我在1280x1024 pixels的窗户上使用了一套平均90个炉./钢板的镜子。
The computation time is about 1.700s with only one worker and drops to 0.480s with 4 workers.
The maximal possible gain would be a factor 4. I get a factor 3.5. Not too bad.
I assume the difference is partly due to the processor architecture (the I3 has only two "real" cores).
Tampering with the scheduler
My program forces the threads to run on one core each (using MSDN SetThreadAffinityMask
).
If the scheduler is left free to allocate the tasks, the gain factor drops from 3,5 to 3,2.
这一点很重要,但是,当独任时,Win7的表率仍然相当好。
synchronization overhead
运行关于“湿”窗口的算法(在坡道外;2个区)对系统电话管理有好的想法。
与代表区的480米相比,需要约7米才能对这个“白色”地区进行测量。
大约为1.5%,包括工作团的同步和计算。 而且,在1024个工作岗位上,这项工作正在同步进行。
我要说的是,完全被忽视。 这可能给所有“诺瓦伊特”的狂热分子提供食物。
optimizing iterations
The way iterations are done is a key factor for optimization.

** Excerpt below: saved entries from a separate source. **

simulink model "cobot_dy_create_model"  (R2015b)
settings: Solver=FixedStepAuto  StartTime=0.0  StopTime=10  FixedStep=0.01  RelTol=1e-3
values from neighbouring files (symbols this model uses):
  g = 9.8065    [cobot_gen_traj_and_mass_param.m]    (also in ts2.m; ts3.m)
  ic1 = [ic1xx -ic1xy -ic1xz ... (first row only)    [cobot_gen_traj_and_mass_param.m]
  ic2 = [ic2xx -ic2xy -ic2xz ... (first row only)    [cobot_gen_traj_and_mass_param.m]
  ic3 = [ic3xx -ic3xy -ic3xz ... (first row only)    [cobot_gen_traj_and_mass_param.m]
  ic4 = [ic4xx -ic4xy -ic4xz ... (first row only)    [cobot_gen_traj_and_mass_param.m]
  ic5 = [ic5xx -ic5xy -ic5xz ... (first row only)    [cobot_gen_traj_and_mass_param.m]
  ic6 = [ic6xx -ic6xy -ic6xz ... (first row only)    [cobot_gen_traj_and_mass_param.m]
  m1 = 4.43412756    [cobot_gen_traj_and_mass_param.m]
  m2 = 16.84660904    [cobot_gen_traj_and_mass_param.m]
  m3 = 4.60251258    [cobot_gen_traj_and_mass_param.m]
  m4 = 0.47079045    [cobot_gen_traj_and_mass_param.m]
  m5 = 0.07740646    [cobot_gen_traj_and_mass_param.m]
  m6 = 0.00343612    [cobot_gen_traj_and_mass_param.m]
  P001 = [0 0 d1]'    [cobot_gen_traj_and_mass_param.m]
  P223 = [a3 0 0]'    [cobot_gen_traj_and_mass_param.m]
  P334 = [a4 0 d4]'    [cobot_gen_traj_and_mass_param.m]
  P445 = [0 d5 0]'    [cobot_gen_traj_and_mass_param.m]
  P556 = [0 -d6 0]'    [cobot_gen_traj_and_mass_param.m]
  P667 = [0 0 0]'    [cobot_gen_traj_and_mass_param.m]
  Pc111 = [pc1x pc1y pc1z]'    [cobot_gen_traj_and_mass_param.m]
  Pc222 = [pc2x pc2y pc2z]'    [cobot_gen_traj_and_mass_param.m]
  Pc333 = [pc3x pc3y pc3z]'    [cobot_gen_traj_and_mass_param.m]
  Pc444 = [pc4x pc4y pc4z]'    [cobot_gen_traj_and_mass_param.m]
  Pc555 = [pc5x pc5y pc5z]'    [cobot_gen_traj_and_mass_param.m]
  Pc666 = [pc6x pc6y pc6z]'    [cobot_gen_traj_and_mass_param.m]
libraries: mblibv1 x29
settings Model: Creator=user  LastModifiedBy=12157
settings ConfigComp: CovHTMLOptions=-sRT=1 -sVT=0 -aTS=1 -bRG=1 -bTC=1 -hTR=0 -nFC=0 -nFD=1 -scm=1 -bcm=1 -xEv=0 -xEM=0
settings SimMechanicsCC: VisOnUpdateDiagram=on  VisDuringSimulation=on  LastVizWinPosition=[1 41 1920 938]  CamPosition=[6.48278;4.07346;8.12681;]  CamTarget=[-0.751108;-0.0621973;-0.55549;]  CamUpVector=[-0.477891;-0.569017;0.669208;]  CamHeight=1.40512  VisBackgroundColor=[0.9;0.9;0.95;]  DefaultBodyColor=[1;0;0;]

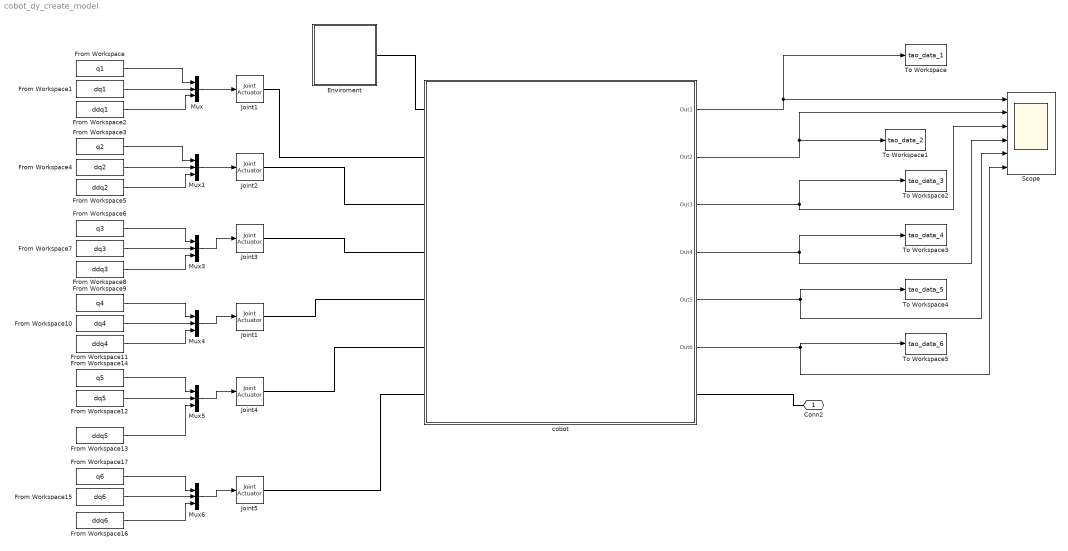
== system cobot_dy_create_model ==
  Enviroment : Subsystem
  From Workspace : FromWorkspace  VariableName=q1  SampleTime=0.01
  From Workspace1 : FromWorkspace  VariableName=dq1  SampleTime=0.01
  From Workspace10 : FromWorkspace  VariableName=dq4  SampleTime=0.01
  From Workspace11 : FromWorkspace  VariableName=ddq4  SampleTime=0.01
  From Workspace12 : FromWorkspace  VariableName=dq5  SampleTime=0.01
  From Workspace13 : FromWorkspace  VariableName=ddq5  SampleTime=0.01
  From Workspace14 : FromWorkspace  VariableName=q5  SampleTime=0.01
  From Workspace15 : FromWorkspace  VariableName=dq6  SampleTime=0.01
  From Workspace16 : FromWorkspace  VariableName=ddq6  SampleTime=0.01
  From Workspace17 : FromWorkspace  VariableName=q6  SampleTime=0.01
  From Workspace2 : FromWorkspace  VariableName=ddq1  SampleTime=0.01
  From Workspace3 : FromWorkspace  VariableName=q2  SampleTime=0.01
  From Workspace4 : FromWorkspace  VariableName=dq2  SampleTime=0.01
  From Workspace5 : FromWorkspace  VariableName=ddq2  SampleTime=0.01
  From Workspace6 : FromWorkspace  VariableName=q3  SampleTime=0.01
  From Workspace7 : FromWorkspace  VariableName=dq3  SampleTime=0.01
  From Workspace8 : FromWorkspace  VariableName=ddq3  SampleTime=0.01
  From Workspace9 : FromWorkspace  VariableName=q4  SampleTime=0.01
  Joint{1,3..5} (4 alike) : mblibv1/Sensors &  Actuators/Joint Actuator  UpdateFromCAD=off  PhysicalDomain=Mechanical  PortType=blob  ActuationStyle=Motion  AngleUnits=deg  ArcVelocityUnits=deg/s  ArcAccelerationUnits=deg/s^2  CoordPositionUnits=m  VelocityUnits=m/s  AccelerationUnits=m/s^2  ForceUnits=N  TorqueUnits=N*m  ActiveIO=on  Width=3  DialogClass=MechanicalActuatorBlock  Primitive=R1  ReferenceFrame=Absolute (World)
  "Joint1 " : mblibv1/Sensors &  Actuators/Joint Actuator  UpdateFromCAD=off  PhysicalDomain=Mechanical  PortType=blob  ActuationStyle=Motion  AngleUnits=deg  ArcVelocityUnits=deg/s  ArcAccelerationUnits=deg/s^2  CoordPositionUnits=m  VelocityUnits=m/s  AccelerationUnits=m/s^2  ForceUnits=N  TorqueUnits=N*m  ActiveIO=on  Width=3  DialogClass=MechanicalActuatorBlock  Primitive=R1  ReferenceFrame=Absolute (World)
  "Joint2 " : mblibv1/Sensors &  Actuators/Joint Actuator  UpdateFromCAD=off  PhysicalDomain=Mechanical  PortType=blob  ActuationStyle=Motion  AngleUnits=deg  ArcVelocityUnits=deg/s  ArcAccelerationUnits=deg/s^2  CoordPositionUnits=m  VelocityUnits=m/s  AccelerationUnits=m/s^2  ForceUnits=N  TorqueUnits=N*m  ActiveIO=on  Width=3  DialogClass=MechanicalActuatorBlock  Primitive=R1  ReferenceFrame=Absolute (World)
  Mux{,1,3..6} (6 alike) : Mux  Inputs=3
  Scope : Scope  NumInputPorts=6
  To Workspace : ToWorkspace  VariableName=tao_data_1  SaveFormat=Timeseries  SampleTime=-1
  To Workspace1 : ToWorkspace  VariableName=tao_data_2  SaveFormat=Timeseries  SampleTime=-1
  To Workspace2 : ToWorkspace  VariableName=tao_data_3  SaveFormat=Timeseries  SampleTime=-1
  To Workspace3 : ToWorkspace  VariableName=tao_data_4  SaveFormat=Timeseries  SampleTime=-1
  To Workspace4 : ToWorkspace  VariableName=tao_data_5  SaveFormat=Timeseries  SampleTime=-1
  To Workspace5 : ToWorkspace  VariableName=tao_data_6  SaveFormat=Timeseries  SampleTime=-1
  cobot : Subsystem
      mask Display: image('cobot.png')
  Conn2 : PMIOPort  Port=1  Side=Left
  wires:
  From Workspace/1 -> Mux/1
  From Workspace1/1 -> Mux/2
  From Workspace2/1 -> Mux/3
  Mux/1 -> "Joint1 "/1
  From Workspace3/1 -> Mux1/1
  From Workspace4/1 -> Mux1/2
  From Workspace5/1 -> Mux1/3
  Mux1/1 -> "Joint2 "/1
  From Workspace6/1 -> Mux3/1
  From Workspace7/1 -> Mux3/2
  From Workspace8/1 -> Mux3/3
  Mux3/1 -> Joint3/1
  From Workspace9/1 -> Mux4/1
  From Workspace10/1 -> Mux4/2
  From Workspace11/1 -> Mux4/3
  Mux4/1 -> Joint1/1
  From Workspace14/1 -> Mux5/1
  From Workspace12/1 -> Mux5/2
  From Workspace13/1 -> Mux5/3
  Mux5/1 -> Joint4/1
  From Workspace17/1 -> Mux6/1
  From Workspace15/1 -> Mux6/2
  From Workspace16/1 -> Mux6/3
  Mux6/1 -> Joint5/1
  cobot/2(Out2) -> Scope/2, To Workspace1/1
  cobot/3(Out3) -> To Workspace2/1, Scope/3
  cobot/4(Out4) -> To Workspace3/1, Scope/4
  cobot/5(Out5) -> Scope/5, To Workspace4/1
  cobot/6(Out6) -> Scope/6, To Workspace5/1
  cobot/1(Out1) -> To Workspace/1, Scope/1
  connections:
  "Joint1 "/RConn1 -- cobot/LConn2
  Conn2/RConn1 -- cobot/RConn1
  Enviroment/RConn1 -- cobot/LConn1
  "Joint2 "/RConn1 -- cobot/LConn3
  Joint3/RConn1 -- cobot/LConn4
  Joint1/RConn1 -- cobot/LConn5
  Joint4/RConn1 -- cobot/LConn6
  Joint5/RConn1 -- cobot/LConn7

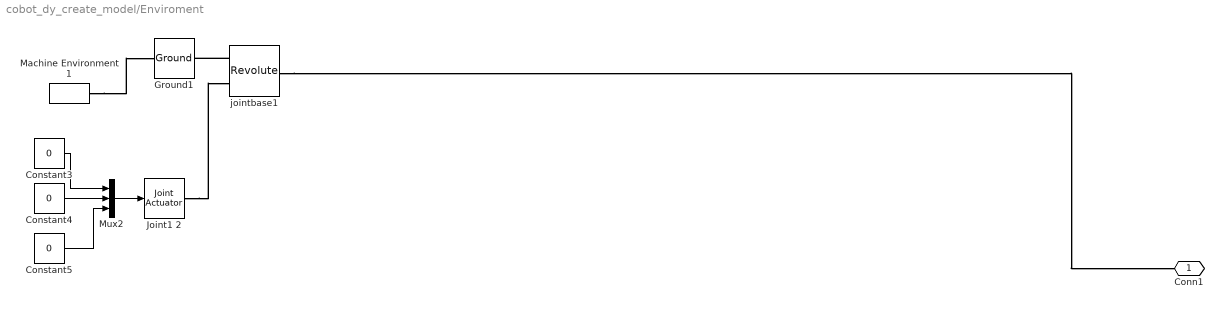
== system cobot_dy_create_model/Enviroment ==
  Constant3 : Constant  Value=0
  Constant4 : Constant  Value=0
  Constant5 : Constant  Value=0
  Ground1 : mblibv1/Bodies/Ground  UpdateFromCAD=off  LeftPortType=env  RightPortType=workingframe  PhysicalDomain=Mechanical  DialogClass=GroundBlock  CoordPosition=[0 0 0]  CoordPositionUnits=m  StateVectorMgrId=0  MachineId=[1 0]  ShowEnvPort=on  ParameterChecksum=[103943624, 4286749661, 2266336483, 2778931322]  TopologyChecksum=[1185680921, 963316717, 888619321, 413900908]
  Joint1 2 : mblibv1/Sensors &  Actuators/Joint Actuator  UpdateFromCAD=off  PhysicalDomain=Mechanical  PortType=blob  ActuationStyle=Motion  AngleUnits=deg  ArcVelocityUnits=deg/s  ArcAccelerationUnits=deg/s^2  CoordPositionUnits=m  VelocityUnits=m/s  AccelerationUnits=m/s^2  ForceUnits=N  TorqueUnits=N*m  ActiveIO=on  Width=3  DialogClass=MechanicalActuatorBlock  Primitive=R1  ReferenceFrame=Absolute (World)
  Machine Environment1 : mblibv1/Bodies/Machine Environment  PortType=env  PhysicalDomain=Mechanical  DialogTemplateClass=MECH.MachineEnvironment  SyncWhenCopied=off  Gravity=[0 0 -g]  GravityUnits=m/s^2  GravityAsSignal=off  Dimensionality=Auto-detect  AnalysisType=Forward dynamics  LinearAssemblyTolerance=1e-3  LinearAssemblyToleranceUnits=m  AngularAssemblyTolerance=1e-3  AngularAssemblyToleranceUnits=rad  ConstraintSolverType=Stabilizing  ConstraintRelTolerance=1e-4  ConstraintAbsTolerance=1e-4  UseRobustSingularityHandling=off  RedundancyAnalysisToleranceType=Automatically select tolerance  RedundancyAnalysisTolerance=1e-14  StatePerturbationType=Fixed  PerturbationSize=1e-5  VisualizeMachine=on  BodyVisualizationType=Use model default body geometries  BodyColorSelMode=Use model default  DefaultBodyColor=[1 0 0]
  Mux2 : Mux  Inputs=3
  jointbase1 : mblibv1/Joints/Revolute  LConnTagsString=__newl0|SA1  RConnTagsString=__newr0  UpdateFromCAD=off  NumSAPorts=1  CutJoint=off  MarkAsCut=off  Primitives=prismatic  PrimitiveProps=R1$World$[0 0 1]$revolute  DialogClass=JointBlock  R1Axis=[0 0 1]
  Conn1 : PMIOPort  Port=1  Side=Right
  wires:
  Constant3/1 -> Mux2/1
  Constant4/1 -> Mux2/2
  Constant5/1 -> Mux2/3
  Mux2/1 -> Joint1 2/1
  connections:
  jointbase1/RConn1 -- Conn1/RConn1
  Joint1 2/RConn1 -- jointbase1/LConn2
  jointbase1/LConn1 -- Ground1/RConn1
  Machine Environment1/RConn1 -- Ground1/LConn1

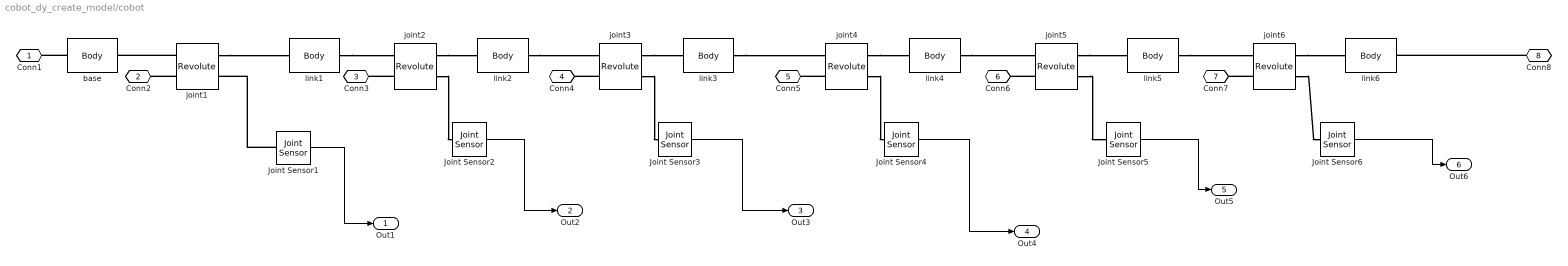
== system cobot_dy_create_model/cobot ==
  Joint Sensor1 : mblibv1/Sensors &  Actuators/Joint Sensor  UpdateFromCAD=off  PhysicalDomain=Mechanical  PortType=blob  Muxed=on  Pose=off  Angle=off  AngleUnits=deg  ArcVelocity=off  ArcVelocityUnits=deg/s  ArcAcceleration=off  ArcAccelerationUnits=deg/s^2  CoordPosition=on  CoordPositionUnits=m  Velocity=off  VelocityUnits=m/s  Acceleration=off  AccelerationUnits=m/s^2  Quaternion=on  QuaternionDT=off  QuaternionDDT=off  QuaternionUnits=off  OutputVector=[1]  ActiveIO=on  Width=1  DialogClass=MechanicalSensorBlock  Primitive=R1  Force=off  ForceUnits=N  Torque=on  TorqueUnits=N*m  ReferenceFrame=Absolute (World)  ReactionSensedSide=Base  ReactionReferenceFrame=Absolute (World)  ReactionForce=off  ReactionForceUnits=N  ReactionMoment=off  ReactionMomentUnits=N*m
  Joint Sensor{2..6} (5 alike) : mblibv1/Sensors &  Actuators/Joint Sensor  UpdateFromCAD=off  PhysicalDomain=Mechanical  PortType=blob  Muxed=off  Pose=off  Angle=off  AngleUnits=deg  ArcVelocity=off  ArcVelocityUnits=deg/s  ArcAcceleration=off  ArcAccelerationUnits=deg/s^2  CoordPosition=on  CoordPositionUnits=m  Velocity=off  VelocityUnits=m/s  Acceleration=off  AccelerationUnits=m/s^2  Quaternion=on  QuaternionDT=off  QuaternionDDT=off  QuaternionUnits=off  OutputVector=[1]  ActiveIO=on  Width=1  DialogClass=MechanicalSensorBlock  Primitive=R1  Force=off  ForceUnits=N  Torque=on  TorqueUnits=N*m  ReferenceFrame=Absolute (World)  ReactionSensedSide=Base  ReactionReferenceFrame=Absolute (World)  ReactionForce=off  ReactionForceUnits=N  ReactionMoment=off  ReactionMomentUnits=N*m
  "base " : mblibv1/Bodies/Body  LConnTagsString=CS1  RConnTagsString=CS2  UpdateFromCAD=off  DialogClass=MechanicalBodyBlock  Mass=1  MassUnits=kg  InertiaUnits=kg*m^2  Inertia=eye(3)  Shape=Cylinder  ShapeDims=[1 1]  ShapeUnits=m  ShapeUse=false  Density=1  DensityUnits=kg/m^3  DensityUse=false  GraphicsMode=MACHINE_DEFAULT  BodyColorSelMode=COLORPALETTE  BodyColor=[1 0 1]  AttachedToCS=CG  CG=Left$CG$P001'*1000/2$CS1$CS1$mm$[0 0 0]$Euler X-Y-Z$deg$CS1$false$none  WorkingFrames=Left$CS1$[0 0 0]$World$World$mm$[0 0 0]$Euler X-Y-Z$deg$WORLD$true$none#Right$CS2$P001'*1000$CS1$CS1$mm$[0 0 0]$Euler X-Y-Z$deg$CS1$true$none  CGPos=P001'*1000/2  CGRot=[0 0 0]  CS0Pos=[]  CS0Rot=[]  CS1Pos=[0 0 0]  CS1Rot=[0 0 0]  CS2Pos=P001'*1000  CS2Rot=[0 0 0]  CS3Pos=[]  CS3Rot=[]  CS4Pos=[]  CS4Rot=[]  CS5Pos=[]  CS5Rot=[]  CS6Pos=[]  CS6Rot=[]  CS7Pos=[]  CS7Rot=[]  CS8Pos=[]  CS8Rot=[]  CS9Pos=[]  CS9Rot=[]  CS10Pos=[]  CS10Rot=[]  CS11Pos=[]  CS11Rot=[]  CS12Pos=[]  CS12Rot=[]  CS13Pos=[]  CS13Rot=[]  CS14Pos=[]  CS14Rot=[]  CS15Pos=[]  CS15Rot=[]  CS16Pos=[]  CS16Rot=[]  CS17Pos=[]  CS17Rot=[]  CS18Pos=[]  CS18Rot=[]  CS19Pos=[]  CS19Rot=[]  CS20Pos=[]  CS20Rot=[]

After a few trials, I settled for this method:
static inline unsigned char mandelbrot_pixel(double x0, double y0)
{
register double x = x0;
register double y = y0;
register double x2 = x * x;
register double y2 = y * y;
unsigned iteration = 0;
const int max_iteration = 255;
while (x2 + y2 < 4.0)
{
if (++iteration == max_iteration) break;
y = 2 * x * y + y0;
x = x2 - y2 + x0;
x2 = x * x;
y2 = y * y;
}
return (unsigned char)iteration;
}
净收益: +20%与OP 方法
(register
) 指令没有造成差别,只是为了纠正错误。
killing the tasks after each computation
离开工人的福利金约为计算时间的5%。
butterfly effect
在我的测试案例中,“绝对”命令实际上做得很好,在极端情况下产生30%以上的收益,并且由于最大规模的请求,通常达到10-15%。